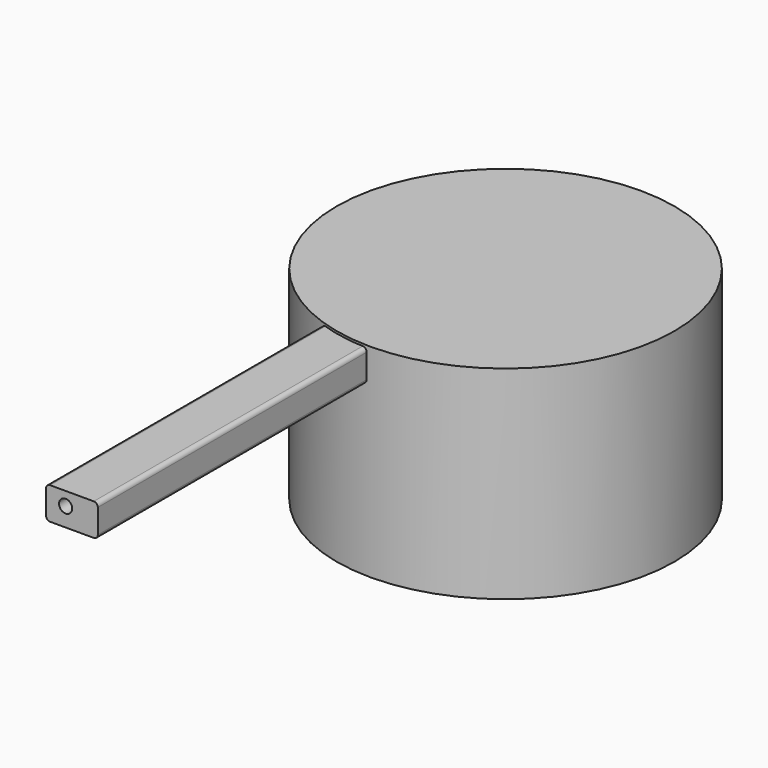
from build123d import *

# Parameters (mm, degrees)
F0_W     = 64.7000456229
F0_H     = 40.2752840891
F0_R     = 8.1996249531
F1_DEPTH = 533.4
F2_R     = 5.08
F3_R     = 211.3310828814
F4_DEPTH = 254


# Not quite as in the source:
# - a feature names something its author has since deleted; it is built from what else it names


with BuildPart() as f1:
    # F0 (on Front) → F1 (new body)
    with BuildSketch(Plane.XZ):
        with Locations((-37.2764277272, -22.9125614278)):
            Rectangle(F0_W, F0_H)
        with Locations((-45.1586656272, -19.5226017386)):
            Circle(F0_R, mode=Mode.SUBTRACT)
    extrude(amount=F1_DEPTH)

    # F2
    f2_edges = [f1.edges().sort_by_distance(p)[0] for p in [
        (-4.926405, -266.7, -2.774919),
        (-4.926405, -266.7, -43.050203),
        (-69.626451, -266.7, -2.774919),
        (-69.626451, -266.7, -43.050203),
    ]]
    fillet(f2_edges, radius=F2_R)


with BuildPart() as f4:
    # F3 (on Top) → F4 (new body)
    with BuildSketch(Plane.XY):
        with Locations((0, 97.9972705245)):
            Circle(F3_R)
    extrude(amount=-F4_DEPTH)


solid = Compound([f1.part, f4.part])
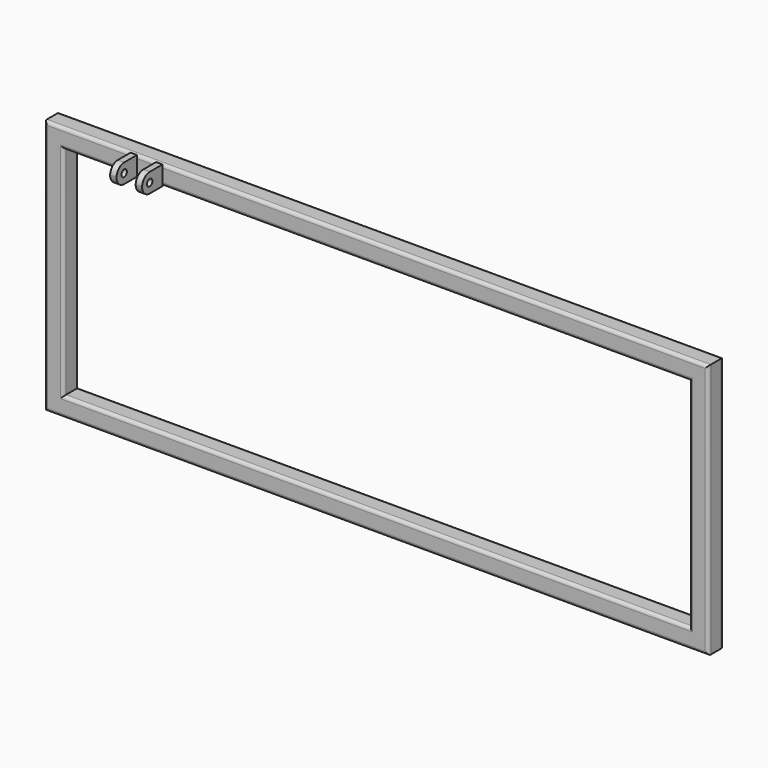
from build123d import *

# Parameters (mm, degrees)
F0_W     = 1320.8
F0_H     = 508
F0_W_2   = 1244.6
F0_H_2   = 431.8
F1_DEPTH = 38.1
F2_R     = 6.35
F3_W     = 12.7
F3_H     = 38.1
F4_DEPTH = 50.8
F5_R     = 19.04999
F7_D     = 13.49248


# Not quite as in the source:
# - a fillet or chamfer is up to 0.001 mm smaller than in the source, because OpenCascade refuses the exact size


with BuildPart() as f1:
    # F0 (on Front) → F1 (new body)
    with BuildSketch(Plane.XZ):
        Rectangle(F0_W, F0_H)
        Rectangle(F0_W_2, F0_H_2, mode=Mode.SUBTRACT)
    extrude(amount=F1_DEPTH)

    # F2
    f2_edges = [f1.edges().sort_by_distance(p)[0] for p in [
        (0, -38.1, 254),
        (-660.4, -38.1, 0),
        (0, -38.1, -254),
        (660.4, -38.1, 0),
        (-622.3, -38.1, 0),
        (0, -38.1, 215.9),
        (622.3, -38.1, 0),
        (0, -38.1, -215.9),
        (0, 0, 254),
        (-660.4, 0, 0),
        (0, 0, -254),
        (660.4, 0, 0),
        (-622.3, 0, 0),
        (0, 0, 215.9),
        (622.3, 0, 0),
        (0, 0, -215.9),
    ]]
    fillet(f2_edges, radius=F2_R)


with BuildPart() as f4:
    # F3 (on face) → F4 (new body)
    with BuildSketch(Plane.XZ.offset(38.1)):
        with Locations((-482.6, 234.95)):
            Rectangle(F3_W, F3_H)
    extrude(amount=F4_DEPTH)

    # F5 (radius 19.05 in the source; OpenCascade refuses exactly that, so slightly less here)
    f5_edges = [f4.edges().sort_by_distance(p)[0] for p in [
        (-482.6, -88.9, 254),
        (-482.6, -88.9, 215.9),
    ]]
    fillet(f5_edges, radius=F5_R)

    # F7 (through all)
    with Locations(Plane.YZ.offset(-476.25)):
        with Locations((-69.85, 234.95)):
            Hole(F7_D / 2)


with BuildPart() as f9_1:
    # F9: instance of F4
    add(f4.part.mirror(Plane(origin=(-457.2, -60.9330603651, 234.95), x_dir=(0, 1, 0), z_dir=(1, 0, 0))))


solid = Compound([f1.part, f4.part, f9_1.part])

□ □ □ □ □

Description of the task: Only the lines containing "amount" are needed; pull them out of the listing.

Your solution:
    extrude(amount=F1_DEPTH)
    extrude(amount=-F4_DEPTH)
    extrude(amount=F1_DEPTH)
    extrude(amount=F4_DEPTH)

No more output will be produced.